# What are your fav schooling fish for a very brightly lit tan



## jart (Jan 17, 2003)

so let's have it..

with members posting ad infinitum re lighting for tanks which is exceeding 2.5 wpg... what fish do you have that seem to display their best coloration under such bright light?

i've always had a thing for harlequins... but have never seen them in a brightly lit tank.

how about congos? maybe emperors? dwarf gouramis? what are your 'brite lite' faves?

regards
jart


----------



## SNPiccolo5 (Oct 6, 2002)

Gouramis really aren't schooling fish, but harlequin rasboras are such a sight to behold.... That's my answer.

-Tim


----------



## jonah (Nov 29, 2002)

Tiger barbs.


----------



## lanstar (Nov 29, 2002)

I love the appearance... and hate the fragility... of Cardinal Tetras.

Neon blue dwarf Rainbows are rather dull when young but (the males) color up nicely as adults.











Australian Rainbows are pretty, but I can't find them any longer.

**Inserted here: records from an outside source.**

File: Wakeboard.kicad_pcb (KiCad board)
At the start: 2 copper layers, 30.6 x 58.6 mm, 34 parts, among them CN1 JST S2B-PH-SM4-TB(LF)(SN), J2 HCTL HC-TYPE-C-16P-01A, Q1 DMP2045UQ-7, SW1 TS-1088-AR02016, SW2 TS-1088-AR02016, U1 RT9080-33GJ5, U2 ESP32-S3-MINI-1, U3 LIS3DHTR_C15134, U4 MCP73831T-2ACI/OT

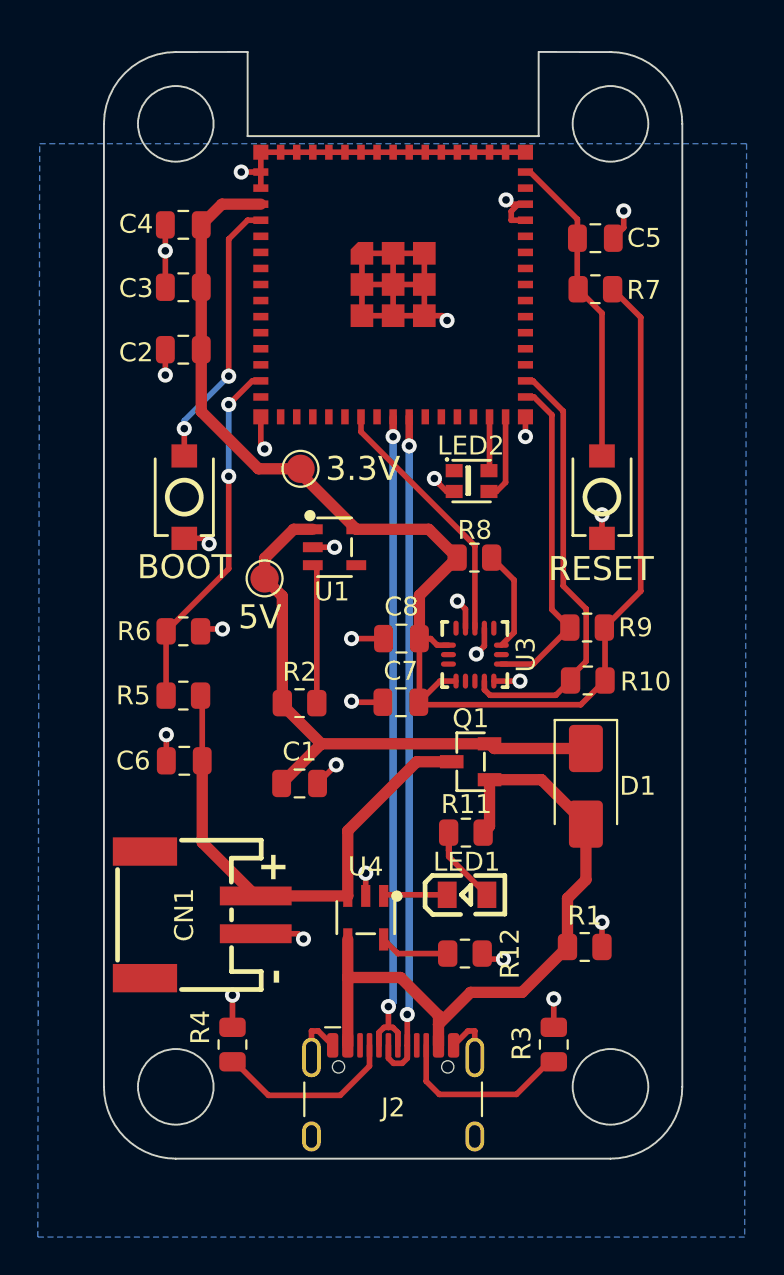
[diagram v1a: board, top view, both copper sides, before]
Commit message: Shift battery socket
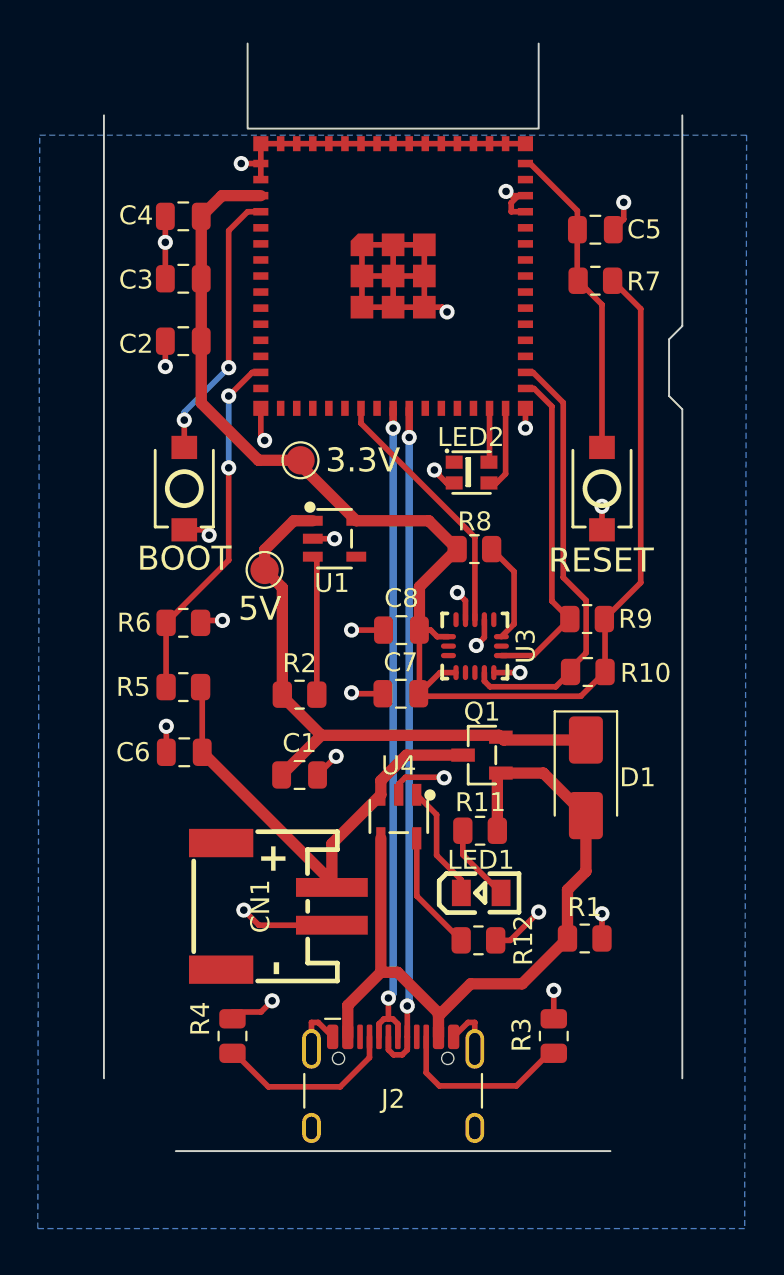
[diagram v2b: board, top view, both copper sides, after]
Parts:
- moved U4 5.63 mm to (127.8, 84.9)
- moved CN1 4.06 mm to (121.3, 89.7)
- moved R12 1.00 mm to (132.0, 91.5)
- moved LED1 0.76 mm to (132.2, 88.9)
- moved R11 0.76 mm to (132.1, 85.7)
- moved Q1 0.69 mm to (132.2, 81.7)
- moved C1 0.45 mm to (122.5, 82.7)
- moved C2 0.45 mm to (116.4, 59.7)
- moved C3 0.45 mm to (116.4, 56.4)
- moved C4 0.45 mm to (116.4, 53.1)
- moved C6 0.45 mm to (116.5, 81.5)
- moved C7 0.45 mm to (127.9, 78.4)
- moved C8 0.45 mm to (127.9, 75.0)
- moved D1 0.45 mm to (137.7, 82.8)
- moved J2 0.45 mm to (127.5, 100.3)
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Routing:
- net GND: track 82.0 -> 88.9 mm
- net VBUS: track 37.3 -> 40.4 mm
- net Net-(LED1--): track 3.38 -> 6.17 mm
- net Net-(U4-PROG): track 3.70 -> 6.37 mm
- net VBAT: track 27.1 -> 25.1 mm
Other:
- outline, holes or cut-outs redrawn

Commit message: Remove mounting holes. Fix minor things
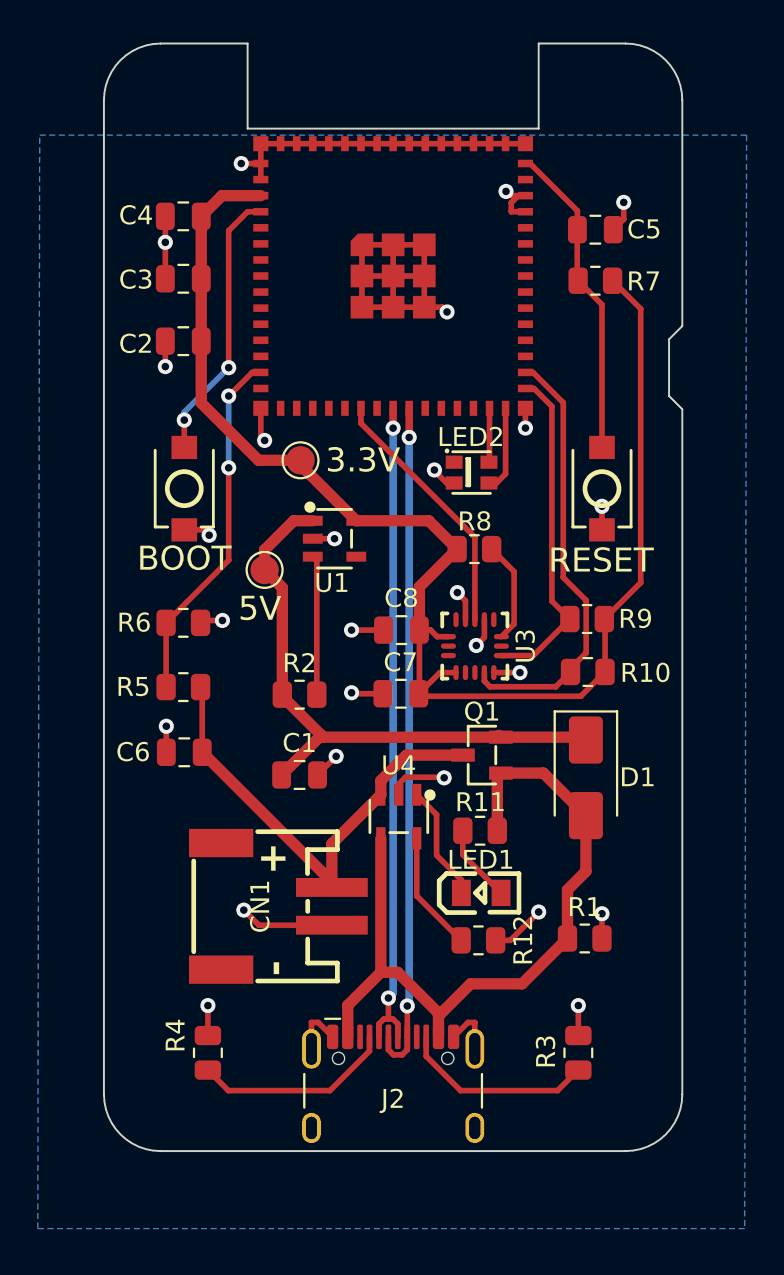
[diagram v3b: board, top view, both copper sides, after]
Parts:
- moved R3 1.57 mm to (137.3, 97.4)
- moved R4 1.57 mm to (117.7, 97.4)
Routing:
- net Net-(J2-CC1): track 9.77 -> 10.6 mm
- net Net-(J2-CC2): track 9.58 -> 10.3 mm
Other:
- outline, holes or cut-outs redrawn
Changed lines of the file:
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@@
 	(footprint "Resistor_SMD:R_0805_2012Metric"
 		(layer "F.Cu")
-		(at 136 96.5125 -90)
+		(at 137.3 97.4 -90)
 		(descr "Resistor SMD 0805 (2012 Metric), square (rectangular) end terminal, IPC_7351 nominal, (Body size source: IPC-SM-782 page 72, https://www.pcb-3d.com/wordpress/wp-content/uploads/ipc-sm-782a_amendment_1_and_2.pdf), generated with kicad-footprint-generator")
 		(tags "resistor")
@@
 	(footprint "Resistor_SMD:R_0805_2012Metric"
 		(layer "F.Cu")
-		(at 119 96.5125 -90)
+		(at 117.7 97.4 -90)
 		(descr "Resistor SMD 0805 (2012 Metric), square (rectangular) end terminal, IPC_7351 nominal, (Body size source: IPC-SM-782 page 72, https://www.pcb-3d.com/wordpress/wp-content/uploads/ipc-sm-782a_amendment_1_and_2.pdf), generated with kicad-footprint-generator")
 		(tags "resistor")
@@
 		(layer "B.SilkS")
 	)
+	(gr_arc
+		(start 142.8 99.6)
+		(mid 141.92132 101.72132)
+		(end 139.8 102.6)
+		(stroke
+			(width 0.1)
+			(type default)
+		)
+		(layer "Edge.Cuts")
+	)
 	(gr_line
 		(start 142.1 59.65)
@@
 	)
 	(gr_line
-		(start 142.799658 47.803044)
+		(start 142.8 47)
 		(end 142.8 58.95)
 		(stroke
@@
 	(gr_line
 		(start 142.8 63.35)
-		(end 142.8 98.75)
+		(end 142.8 99.6)
 		(stroke
 			(width 0.1)
@@
 	)
 	(gr_line
-		(start 119.8 48.45)
+		(start 119.8 48.5)
 		(end 119.8 44)
 		(stroke
@@
 		(layer "Edge.Cuts")
 	)
+	(gr_arc
+		(start 115.2 102.6)
+		(mid 113.07868 101.72132)
+		(end 112.2 99.6)
+		(stroke
+			(width 0.1)
+			(type default)
+		)
+		(layer "Edge.Cuts")
+	)
+	(gr_arc
+		(start 139.8 44)
+		(mid 141.92132 44.87868)
+		(end 142.8 47)
+		(stroke
+			(width 0.1)
+			(type default)
+		)
+		(layer "Edge.Cuts")
+	)
 	(gr_line
-		(start 112.199829 47.797938)
-		(end 112.2 98.75)
+		(start 112.2 47)
+		(end 112.2 99.6)
 		(stroke
 			(width 0.1)
@@
 	)
 	(gr_line
-		(start 116 102.6)
-		(end 139 102.6)
+		(start 115.2 102.6)
+		(end 139.8 102.6)
 		(stroke
 			(width 0.1)
@@
 	(gr_line
 		(start 135.2 44)
-		(end 135.2 48.45)
+		(end 139.8 44)
+		(stroke
+			(width 0.1)
+			(type default)
+		)
+		(layer "Edge.Cuts")
+	)
+	(gr_line
+		(start 119.8 44)
+		(end 115.2 44)
+		(stroke
+			(width 0.1)
+			(type default)
+		)
+		(layer "Edge.Cuts")
+	)
+	(gr_line
+		(start 135.2 44)
+		(end 135.2 48.5)
 		(stroke
 			(width 0.1)
@@
 		(layer "Edge.Cuts")
 	)
+	(gr_arc
+		(start 112.2 47)
+		(mid 113.07868 44.87868)
+		(end 115.2 44)
+		(stroke
+			(width 0.1)
+			(type default)
+		)
+		(layer "Edge.Cuts")
+	)
 	(gr_text "-"
 		(at 122.1 93.35 90)
@@
 	)
 	(segment
-		(start 133.35 80.85)
-		(end 133.2 80.7)
+		(start 120.7 71.85)
+		(end 120.7 70.78934)
 		(width 0.6)
 		(layer "F.Cu")
@@
 	)
 	(segment
-		(start 120.7 71.85)
-		(end 120.7 70.78934)
+		(start 133.2 80.7)
+		(end 133.1 80.6)
 		(width 0.6)
 		(layer "F.Cu")
@@
 	)
 	(segment
-		(start 133.2 80.7)
-		(end 133.1 80.6)
+		(start 137.55 80.7)
+		(end 137.7 80.85)
 		(width 0.6)
 		(layer "F.Cu")
@@
 	)
 	(segment
-		(start 122.23934 69.25)
-		(end 123.25 69.25)
+		(start 133.2 80.7)
+		(end 123.8 80.7)
 		(width 0.6)
 		(layer "F.Cu")
@@
 	)
 	(segment
-		(start 133.1 80.6)
-		(end 123.7 80.6)
+		(start 122.23934 69.25)
+		(end 123.25 69.25)
 		(width 0.6)
 		(layer "F.Cu")
@@
 	)
 	(segment
+		(start 123.8 80.7)
+		(end 123.7 80.6)
+		(width 0.6)
+		(layer "F.Cu")
+		(net 31)
+	)
+	(segment
+		(start 133.2 80.7)
+		(end 137.55 80.7)
+		(width 0.6)
+		(layer "F.Cu")
+		(net 31)
+	)
+	(segment
 		(start 121.6375 78.45)
 		(end 121.6375 78.5375)
@@
 	)
 	(segment
-		(start 137.7 80.85)
-		(end 133.35 80.85)
-		(width 0.6)
-		(layer "F.Cu")
-		(net 31)
-	)
-	(segment
 		(start 121.6375 78.45)
 		(end 121.6375 72.7875)
@@
 	)
 	(segment
-		(start 121.1 94.65)
-		(end 120.5094 95.2406)
+		(start 117.7 96.4875)
+		(end 117.7 94.9)
 		(width 0.3)
 		(layer "F.Cu")
@@
 	)
 	(segment
-		(start 120.5094 95.2406)
-		(end 119 95.2406)
-		(width 0.3)
-		(layer "F.Cu")
-		(net 32)
-	)
-	(segment
 		(start 134.5 52.9)
 		(end 133.7483 52.9)
@@
 	)
 	(segment
+		(start 137.3 96.4875)
+		(end 137.3 94.9)
+		(width 0.3)
+		(layer "F.Cu")
+		(net 32)
+	)
+	(segment
 		(start 127.5 56.3)
 		(end 127.5 57.95)
@@
 	)
 	(segment
-		(start 136 94.09475)
-		(end 136 95.40525)
-		(width 0.3)
-		(layer "F.Cu")
-		(net 32)
-	)
-	(segment
 		(start 128.35 49.3)
 		(end 127.5 49.3)
@@
 	)
 	(via
-		(at 138.55 68.4835)
+		(at 117.7 94.9)
 		(size 0.8)
 		(drill 0.4)
@@
 	)
 	(via
-		(at 115.5 80.1225)
+		(at 138.55 68.4835)
 		(size 0.8)
 		(drill 0.4)
@@
 	)
 	(via
-		(at 124.4 70.2)
+		(at 115.5 80.1225)
 		(size 0.8)
 		(drill 0.4)
@@
 	)
 	(via
-		(at 134.210794 77.282498)
+		(at 124.4 70.2)
 		(size 0.8)
 		(drill 0.4)
@@
 	)
 	(via
-		(at 134.5 64.3465)
+		(at 134.210794 77.282498)
 		(size 0.8)
 		(drill 0.4)
@@
 	)
 	(via
-		(at 135.2 89.95)
+		(at 134.5 64.3465)
 		(size 0.8)
 		(drill 0.4)
@@
 	)
 	(via
-		(at 121.1 94.65)
+		(at 135.2 89.95)
 		(size 0.8)
 		(drill 0.4)
@@
 	)
 	(via
-		(at 136 94.09475)
+		(at 130.2 82.85)
 		(size 0.8)
 		(drill 0.4)
@@
 	)
 	(via
-		(at 130.2 82.85)
+		(at 139.7 52.4056)
 		(size 0.8)
 		(drill 0.4)
@@
 	)
 	(via
-		(at 139.7 52.4056)
+		(at 129.683228 66.562164)
 		(size 0.8)
 		(drill 0.4)
@@
 	)
 	(via
-		(at 129.683228 66.562164)
+		(at 115.448 54.5198)
 		(size 0.8)
 		(drill 0.4)
@@
 	)
 	(via
-		(at 115.448 54.5198)
+		(at 137.3 94.9)
 		(size 0.8)
 		(drill 0.4)
@@
 	)
 	(segment
-		(start 134.025 99.15)
-		(end 129.945 99.15)
+		(start 137.0175 98.595)
+		(end 137.005 98.595)
+		(width 0.3)
+		(layer "F.Cu")
+		(net 38)
+	)
+	(segment
+		(start 137.3 98.3125)
+		(end 137.0175 98.595)
 		(width 0.3)
 		(layer "F.Cu")
@@
 	)
 	(segment
-		(start 129.25 98.455)
+		(start 129.25 97.580305)
 		(end 129.25 96.555)
 		(width 0.3)
@@
 	)
 	(segment
-		(start 135.875 97.3)
-		(end 134.025 99.15)
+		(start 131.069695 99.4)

Turquoise Rainbows are also a nicely colored schooling fish.


----------



## GulfCoastAquarian (Jul 30, 2002)

I'll throw in another vote for Harlequins. Look at this picture in my 4 watt per gallon tank. The Harlequin to the left is directly underneath my 5500K Power Compact bulb. Look at how intense the orange is around the edges. It's the orange that makes them stand out against the green plants (orange being green's complimentary color).


----------



## Jim Miller (Dec 24, 2002)

What size do Harlequins get to?

tnx
jtm


----------



## GulfCoastAquarian (Jul 30, 2002)

You'll usually buy Harlequins around 5/8" to 3/4" in the store and see them grow to 1" to 1 1/8" at the very most.


----------



## Buck (Oct 13, 2002)

There is nothing like watching the gold and red flashes of these schooling fish in my tank...
Feeding time is a frenzy ! :hehe:


----------



## GulfCoastAquarian (Jul 30, 2002)

I love WCMM! Those are some of the most resilient fish I've ever seen! Here's a funny story:
I left for work one morning and got a phone call when I came in (after an hour commute) from my wife that the bottom of my 55 gallon tank had just totally fell out and that 55 gallons of water was all over the floor and she scooped most of the fish up and put them in my 20 gallon tank. I took off from work and headed home (another hour) and took a look at the damage. She got most of the fish but most of the WCMM's had been crushed by gravel or broken glass. I started scooping up the gravel and I saw a WCMM in the gravel. His gills weren't moving or anything, and I figured him dead but I threw him in the 20 gallon anyway. He fell to the bottom. I watched him for a few minutes and thought I saw his gills start to move but couldn't be sure. I continued cleaning up and came back an hour later. I couldn't find the guy on the floor. I figured one of the Angels had scooped him up. I look around, and there he is, swimming around at the top, as good as new. My kid brother still has that fish today and that was four years ago!


----------



## SNPiccolo5 (Oct 6, 2002)

What a story!! That makes me want to re-inforce the bottom of my 55 gallon...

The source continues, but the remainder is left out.